Francesco Ferrari, Merate

E perché mai dovrei dirle che è un ingenuo? No, gentile e caro signor Ferrari, lei non è affatto ingenuo. Mi piace la sua idea di “far vedere le facce” attraverso filmati e foto capaci di rendere plasticamente evidente che cosa è accaduto nelle vite delle donne e degli uomini co-protagonisti di passaggi chiave della nostra comune vicenda nazionale e, aggiungo io, umana. Perché se evitiamo di guardare in faccia e, ancor più, di vedere le persone, tutto rischia di ridursi a mito o a cifra e, anche, a duro calcolo, e noi smarriamo la possibilità di capire l’autentica portata di qualunque avvenimento e la forza con cui tocca le vite umane.
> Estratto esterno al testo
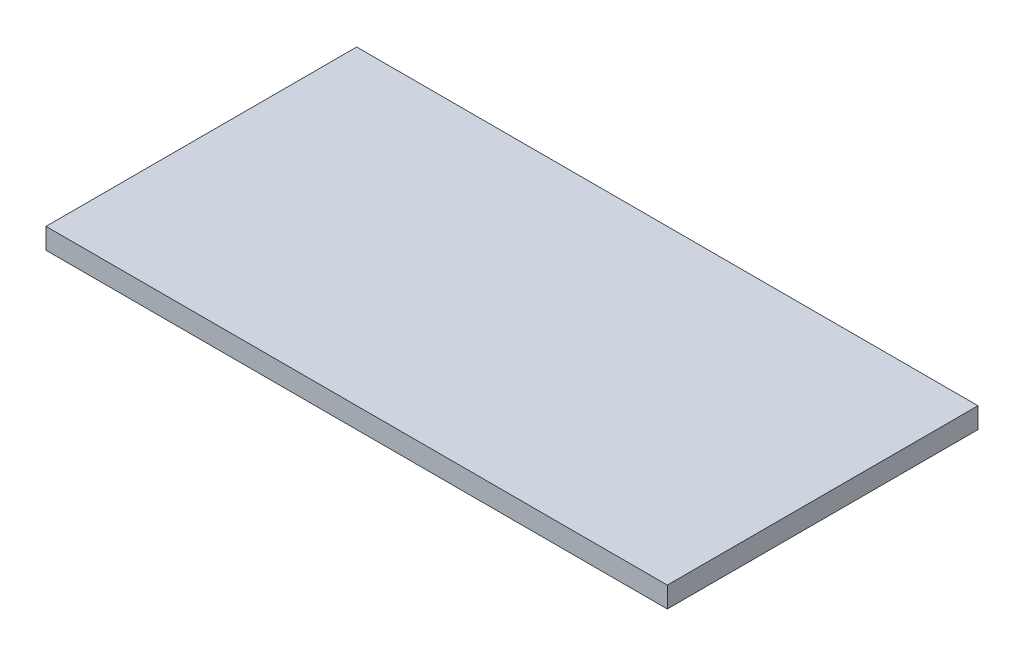
SolidWorks part; units mm, degrees
ref_plane "前视基准面" through (0, 0, 0) normal (0, 0, 1) x (1, 0, 0)
ref_plane "上视基准面" through (0, 0, 0) normal (0, 1, 0) x (1, 0, 0)
ref_plane "右视基准面" through (0, 0, 0) normal (1, 0, 0) x (0, 0, -1)
sketch "草图1" plane through (0, 0, 0) normal (0, 1, 0) x (1, 0, 0)
  line L1 (-300, 150) -> (300, 150)
  line L2 (-300, 150) -> (-300, -150)
  line L3 (-300, -150) -> (300, -150)
  line L4 (300, 150) -> (300, -150)
  line L5 (-300, 150) -> (300, -150) construction
  line L6 (-300, -150) -> (300, 150) construction
  point P0 (0, 0)
extrude "凸台-拉伸1" add sketch "草图1" along normal blind 20
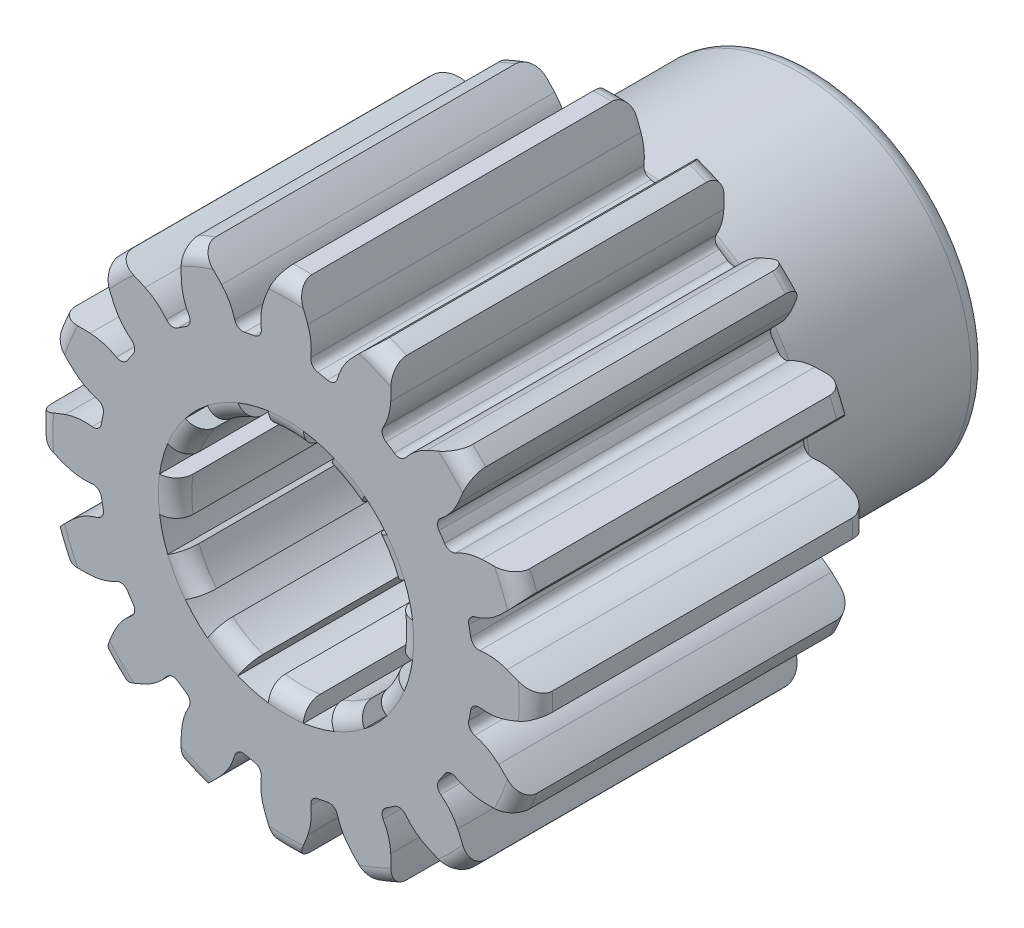
SolidWorks part; units mm, degrees
material "Chrome Stainless Steel"
ref_plane "Front Plane" through (0, 0, 0) normal (0, 0, 1) x (1, 0, 0)
ref_plane "Top Plane" through (0, 0, 0) normal (0, 1, 0) x (1, 0, 0)
ref_plane "Right Plane" through (0, 0, 0) normal (1, 0, 0) x (0, 0, -1)
sketch "Sketch1" plane through (0, 0, 0) normal (0, 0, 1) x (1, 0, 0)
  line L0 (9.7438, 26.8933) -> (12.1265, 25.9064)
  line L1 (-28.575, 0) -> (28.575, 0) construction
  line L2 (0, 28.575) -> (0, 25.4) construction
  line L3 (0, 25.4) -> (0, 21.4312) construction
  line L4 (-1.2895, 28.575) -> (1.2895, 28.575)
  line L5 (-1.2895, 28.575) -> (-4.0287, 21.0492)
  line L6 (1.2895, 28.575) -> (4.0287, 21.0492)
  line L7 (9.7438, 26.8933) -> (4.3331, 20.9886)
  line L8 (-4.9873, -28.575) -> (4.9873, -28.575) construction
  line L9 (4.9873, -28.575) -> (0, -37.2132) construction
  line L10 (0, -37.2132) -> (-4.9873, -28.575) construction
  line L11 (0, -37.2132) -> (0, -36.8695) construction
  line L12 (-0.1984, -36.8695) -> (0.1984, -36.8695) construction
  line L13 (0, -28.9187) -> (0, -28.575) construction
  line L14 (10.9352, 26.3999) -> (0, 0) construction
  line L15 (4.7889, -28.9187) -> (-4.7889, -28.9187) construction
  line L16 (12.1265, 25.9064) -> (11.7772, 17.9052)
  line L17 (-4.8881, -28.7469) -> (4.8881, -28.7469) construction
  line L18 (0, 0) -> (-2.8345, 22.1831) construction
  line L19 (0, 0) -> (5.8704, 21.5792) construction
  circle A0 centre (0, 0) radius 28.575
  circle A1 centre (0, 0) radius 25.4 construction
  circle A2 centre (0, 0) radius 12.7
  circle A3 centre (0, 0) radius 21.4312
  arc A4 (-2.4896, 25.2777) -> (2.4896, 25.2777) centre (0, 0) cw
  circle A5 centre (0, 0) radius 19.812 construction
  arc A6 (-3.6185, 21.1236) -> (-2.8345, 22.1831) centre (-3.7793, 22.0624) ccw
  circle A8 centre (0, 0) radius 22.225 construction
  arc A10 (-2.4896, 25.2777) -> (-2.8345, 22.1831) centre (3.7138, 23.0198) ccw
  arc A11 (-1.0438, 28.575) -> (-2.4896, 25.2777) centre (23.8914, 15.6758) ccw
  arc A13 (4.7406, 20.9004) -> (5.8704, 21.5792) centre (4.9513, 21.8293) ccw
  arc A15 (7.3732, 24.3063) -> (5.8704, 21.5792) centre (12.2404, 19.8464) ccw
  arc A16 (9.9708, 26.7993) -> (7.3732, 24.3063) centre (28.0717, 5.3397) ccw
  arc A17 (3.6185, 21.1236) -> (2.8345, 22.1831) centre (3.7793, 22.0624) cw
  arc A18 (2.4896, 25.2777) -> (2.8345, 22.1831) centre (-3.7138, 23.0198) cw
  arc A19 (1.0438, 28.575) -> (2.4896, 25.2777) centre (-23.8914, 15.6758) cw
  arc A20 (11.4267, 18.1309) -> (11.1079, 19.4098) centre (11.9346, 18.9367) cw
  arc A21 (11.9735, 22.4008) -> (11.1079, 19.4098) centre (5.3782, 22.6888) cw
  arc A22 (11.8996, 26.0004) -> (11.9735, 22.4008) centre (-16.074, 23.6254) cw
  point P5 (0, 28.575)
  point P8 (10.9352, 26.3999)
  point P9 (20.2056, 20.2056)
  point P10 (26.3999, 10.9352)
  point P11 (28.575, 0)
  point P12 (26.3999, -10.9352)
  point P13 (20.2056, -20.2056)
  point P14 (10.9352, -26.3999)
  point P15 (0, -28.575)
  point P16 (-10.9352, -26.3999)
  point P17 (-20.2056, -20.2056)
  point P18 (-26.3999, -10.9352)
  point P19 (-28.575, 0)
  point P20 (-26.3999, 10.9352)
  point P21 (-20.2056, 20.2056)
  point P22 (0, 0)
  point P37 (-4.9873, -28.575)
  point P47 (0, -28.7469)
  point P48 (-10.9352, 26.3999)
  point P49 (4.9873, -28.575)
  point P53 (14.9619, -28.575)
  point P54 (24.9365, -28.575)
  point P55 (34.911, -28.575)
  point P56 (44.8856, -28.575)
  point P57 (54.8602, -28.575)
  point P58 (64.8348, -28.575)
  point P81 (0, 19.812)
  dimension "OD" = 57.15
  dimension "Shaft Diameter" = 25.4
  dimension "Pitch Diameter" = 50.8
  dimension "Hub Diameter" = 39.624
  dimension "D4" = 0.9525
  dimension "Driven Dim* Addendum (a)" = 3.175
  dimension "Dedendum (b)" = 3.9688
  dimension "D2" = 9.9746
  dimension "D3" = 0.3969
  dimension "Pressure Angle" = 20
  dimension "Clearance" = 0.7937
  dimension "D5" = 22.5
  dimension "D1" = 4.9873
  dimension "Gear Pitch" = 8
  dimension "Teeth" = 16
sketch "Sketch2" plane through (0, 0, 0) normal (1, 0, 0) x (0, 0, -1)
  line L0 (-30.226, 26.67) -> (-30.226, -26.67)
  line L1 (-28.321, -28.575) -> (5.969, -28.575)
  line L2 (7.874, -26.67) -> (7.874, -21.717)
  line L3 (9.779, -19.812) -> (28.321, -19.812)
  line L4 (30.226, -17.907) -> (30.226, 17.907)
  line L5 (28.321, 19.812) -> (9.779, 19.812)
  line L6 (7.874, 21.717) -> (7.874, 26.67)
  line L7 (5.969, 28.575) -> (-28.321, 28.575)
  line L8 (30.226, 0) -> (-30.226, 0) construction
  line L9 (-54.6035, 0) -> (48.2754, 0) construction
  line L10 (7.874, 19.812) -> (-30.226, 19.812) construction
  line L13 (30.226, 12.7) -> (0, 12.7) construction
  line L15 (-30.226, 12.7) -> (0, 12.7) construction
  line L17 (30.226, -12.7) -> (0, -12.7) construction
  line L18 (0, -12.7) -> (-30.226, -12.7) construction
  arc A0 (-30.226, -26.67) -> (-28.321, -28.575) centre (-28.321, -26.67) ccw
  arc A1 (5.969, -28.575) -> (7.874, -26.67) centre (5.969, -26.67) ccw
  arc A2 (7.874, -21.717) -> (9.779, -19.812) centre (9.779, -21.717) cw
  arc A3 (30.226, -17.907) -> (28.321, -19.812) centre (28.321, -17.907) cw
  arc A4 (7.874, 21.717) -> (9.779, 19.812) centre (9.779, 21.717) ccw
  arc A5 (-30.226, 26.67) -> (-28.321, 28.575) centre (-28.321, 26.67) cw
  arc A6 (5.969, 28.575) -> (7.874, 26.67) centre (5.969, 26.67) cw
  arc A7 (28.321, 19.812) -> (30.226, 17.907) centre (28.321, 17.907) cw
  point P40 (30.226, 19.812)
  dimension "Radius" = 1.905
  dimension "Hub Width" = 22.352
  dimension "Overall Width" = 60.452
sketch "Sketch3" plane through (0, 0, 0) normal (1, 0, 0) x (0, 0, -1)
  line L0 (28.321, 12.7) -> (-28.321, 12.7)
  line L1 (30.226, -17.907) -> (30.226, 17.907) construction
  line L2 (28.321, 19.812) -> (9.779, 19.812) construction
  line L3 (7.874, 21.717) -> (7.874, 26.67) construction
  line L4 (5.969, 28.575) -> (-28.321, 28.575) construction
  line L5 (-30.226, 26.67) -> (-30.226, -26.67) construction
  line L6 (30.226, 14.605) -> (30.226, 17.907)
  line L7 (28.321, 19.812) -> (9.779, 19.812)
  line L8 (7.874, 21.717) -> (7.874, 26.67)
  line L9 (5.969, 28.575) -> (-28.321, 28.575)
  line L10 (-30.226, 26.67) -> (-30.226, 14.605)
  line L11 (30.226, 12.7) -> (0, 12.7) construction
  arc A8 (30.226, 17.907) -> (28.321, 19.812) centre (28.321, 17.907) ccw construction
  arc A9 (7.874, 21.717) -> (9.779, 19.812) centre (9.779, 21.717) ccw construction
  arc A10 (7.874, 26.67) -> (5.969, 28.575) centre (5.969, 26.67) ccw construction
  arc A11 (-28.321, 28.575) -> (-30.226, 26.67) centre (-28.321, 26.67) ccw construction
  arc A12 (30.226, 17.907) -> (28.321, 19.812) centre (28.321, 17.907) ccw
  arc A13 (7.874, 21.717) -> (9.779, 19.812) centre (9.779, 21.717) ccw
  arc A14 (7.874, 26.67) -> (5.969, 28.575) centre (5.969, 26.67) ccw
  arc A15 (-28.321, 28.575) -> (-30.226, 26.67) centre (-28.321, 26.67) ccw
  arc A16 (-30.226, 14.605) -> (-28.321, 12.7) centre (-28.321, 14.605) ccw
  arc A17 (28.321, 12.7) -> (30.226, 14.605) centre (28.321, 14.605) ccw
revolve "Revolve1" add sketch "Sketch3" angle 360 about L8
sketch "Sketch4" plane through (0, 0, 30.226) normal (0, 0, 1) x (1, 0, 0)
  circle A9 centre (0, 0) radius 28.575 construction
  circle A21 centre (0, 0) radius 21.4312 construction
  arc A22 (4.7406, 20.9004) -> (5.8704, 21.5792) centre (4.9513, 21.8293) ccw construction
  arc A23 (7.3732, 24.3063) -> (5.8704, 21.5792) centre (12.2404, 19.8464) ccw construction
  arc A24 (9.9708, 26.7993) -> (7.3732, 24.3063) centre (28.0717, 5.3397) ccw construction
  arc A25 (2.4896, 25.2777) -> (1.0438, 28.575) centre (-23.8914, 15.6758) ccw construction
  arc A26 (2.8345, 22.1831) -> (2.4896, 25.2777) centre (-3.7138, 23.0198) ccw construction
  arc A27 (2.8345, 22.1831) -> (3.6185, 21.1236) centre (3.7793, 22.0624) ccw construction
  arc A28 (9.9541, 26.7852) -> (1.0539, 28.5556) centre (0, 0) ccw
  arc A29 (4.7406, 20.9004) -> (3.6185, 21.1236) centre (0, 0) ccw
  arc A30 (4.7406, 20.9004) -> (5.8704, 21.5792) centre (4.9513, 21.8293) ccw
  arc A31 (7.3732, 24.3063) -> (5.8704, 21.5792) centre (12.2404, 19.8464) ccw
  arc A32 (9.9541, 26.7852) -> (7.3732, 24.3063) centre (28.0717, 5.3397) ccw
  arc A33 (2.4896, 25.2777) -> (1.0539, 28.5556) centre (-23.8914, 15.6758) ccw
  arc A34 (2.8345, 22.1831) -> (2.4896, 25.2777) centre (-3.7138, 23.0198) ccw
  arc A35 (2.8345, 22.1831) -> (3.6185, 21.1236) centre (3.7793, 22.0624) ccw
extrude "Cut-Extrude1" cut sketch "Sketch4" against normal through all both and the other way through all
pattern_circular "CirPattern1" count 16 every 22.5 about axis through (0, 0, 0) along (0, 0, 1) of "Cut-Extrude1"
ref_plane "Plane1" through (0, 0, -30.226) normal (0, 0, -1) x (-1, 0, 0)
sketch "Sketch5" plane through (0, 0, -30.226) normal (0, 0, -1) x (-1, 0, 0)
  line L0 (0, 14.605) -> (0, 12.7)
  line L1 (-2, 14.4674) -> (-2, 12.5415)
  line L2 (2, 14.4674) -> (2, 12.5415)
  line L3 (2, 15.3434) -> (2, 11.6314) construction
  line L4 (0, 15.3434) -> (0, 11.6314) construction
  line L5 (-2, 15.3434) -> (-2, 11.6314) construction
  line L6 (7.3025, 12.6483) -> (6.35, 10.9985)
  line L7 (8.9658, 11.5291) -> (8.0028, 9.8613)
  line L8 (5.5017, 13.5291) -> (4.5387, 11.8613)
  line L9 (12.6483, 7.3025) -> (10.9985, 6.35)
  line L10 (13.5291, 5.5017) -> (11.8613, 4.5387)
  line L11 (11.5291, 8.9658) -> (9.8613, 8.0028)
  line L12 (14.605, 0) -> (12.7, 0)
  line L13 (14.4674, -2) -> (12.5415, -2)
  line L14 (14.4674, 2) -> (12.5415, 2)
  line L15 (12.6483, -7.3025) -> (10.9985, -6.35)
  line L16 (11.5291, -8.9658) -> (9.8613, -8.0028)
  line L17 (13.5291, -5.5017) -> (11.8613, -4.5387)
  line L18 (7.3025, -12.6483) -> (6.35, -10.9985)
  line L19 (5.5017, -13.5291) -> (4.5387, -11.8613)
  line L20 (8.9658, -11.5291) -> (8.0028, -9.8613)
  line L21 (0, -14.605) -> (0, -12.7)
  line L22 (-2, -14.4674) -> (-2, -12.5415)
  line L23 (2, -14.4674) -> (2, -12.5415)
  line L24 (-7.3025, -12.6483) -> (-6.35, -10.9985)
  line L25 (-8.9658, -11.5291) -> (-8.0028, -9.8613)
  line L26 (-5.5017, -13.5291) -> (-4.5387, -11.8613)
  line L27 (-12.6483, -7.3025) -> (-10.9985, -6.35)
  line L28 (-13.5291, -5.5017) -> (-11.8613, -4.5387)
  line L29 (-11.5291, -8.9658) -> (-9.8613, -8.0028)
  line L30 (-14.605, 0) -> (-12.7, 0)
  line L31 (-14.4674, 2) -> (-12.5415, 2)
  line L32 (-14.4674, -2) -> (-12.5415, -2)
  line L33 (-12.6483, 7.3025) -> (-10.9985, 6.35)
  line L34 (-11.5291, 8.9658) -> (-9.8613, 8.0028)
  line L35 (-13.5291, 5.5017) -> (-11.8613, 4.5387)
  line L36 (-7.3025, 12.6483) -> (-6.35, 10.9985)
  line L37 (-5.5017, 13.5291) -> (-4.5387, 11.8613)
  line L38 (-8.9658, 11.5291) -> (-8.0028, 9.8613)
  circle A0 centre (0, 0) radius 14.605
  circle A1 centre (0, 0) radius 12.7
  point P85 (0, 0)
  dimension "D1" = 2
  dimension "D2" = 2
  dimension "D3" = 12
extrude "Cut-Extrude2" cut sketch "Sketch5" against normal up to next contours A1 L8 A0 L2 | A1 L11 A0 L7 | A1 L14 A0 L10 | A1 L17 A0 L13 | A1 L20 A0 L16 | A1 L23 A0 L19 | A1 L26 A0 L22 | A1 L29 A0 L25 | A1 L32 A0 L28 | A1 L35 A0 L31 | A1 L38 A0 L34 | A1 L1 A0 L37
equation "\"D3@Sketch1\"=(1/\"Gear Pitch@Sketch1\")/8"
equation "\"D2@Sketch1\"=3.1416/\"Gear Pitch@Sketch1\""
equation "\"Dedendum (b)@Sketch1\"=1.25/\"Gear Pitch@Sketch1\""
equation "\"D1@Sketch1\"=1.5708/\"Gear Pitch@Sketch1\""
equation "\"D4@Sketch1\"=.3/\"Gear Pitch@Sketch1\""
equation "\"Clearance@Sketch1\" = .25 / \"Gear Pitch@Sketch1\""
equation "\"D1@CirPattern1\"=\"Teeth@Sketch1\""
equation "\"D5@Sketch1\"=360/\"Teeth@Sketch1\""
equation "\"D2@CirPattern1\"=\"D5@Sketch1\""
equation "\"Radius@Sketch2\"=.6/\"Gear Pitch@Sketch1\""

Penso, insomma, che quella che le piacerebbe veder spiegata nelle scuole della Repubblica sia una genuina lezione di storia e al tempo stesso di educazione civica. Già, di educazione civica: la materia più dimenticata e negletta, nonostante la personale buona volontà di tanti insegnanti, che dovrebbe consegnare ai più giovani la consapevolezza di quanto sia importante – cito le sue parole – «fare ora la loro parte per il bene di tutta la comunità». Io questa lezione l’ho avuta, a scuola, in famiglia, in parrocchia e nelle realtà associative a cui ho partecipato. Mi è stata molto utile: incidendosi nella memoria e ispirando, negli anni, scelte decise e spesso decisive oltre che un approccio concreto e buono ai problemi e alle responsabilità che ho dovuto affrontare. Non sempre ci sono riuscito, non sempre sono stato all’altezza, ma posso dire di essere riuscito pur nei miei errori a non dimenticarmi del volto degli altri e di non aver perso il senso della loro altezza umana, sempre pari alla mia.

Credo, poi, che nel tempo che viviamo, in cui vecchi e nuovi italiani devono imparare in molti modi a vivere e costruire insieme qui e altrove il presente e il futuro, sia estremamente importante apprendere nella maniera più “viva” possibile l’essenziale del passato (recente e più remoto) di questa bella e speciale terra italiana che ci è data in custodia e della gente che la abita, ma anche – insisto – di tutto il mondo e di tutta l’umanità che possiamo immaginare. Perché, alla fine e per principio, ci riguarda allo stesso modo. Ricambio di cuore il suo saluto.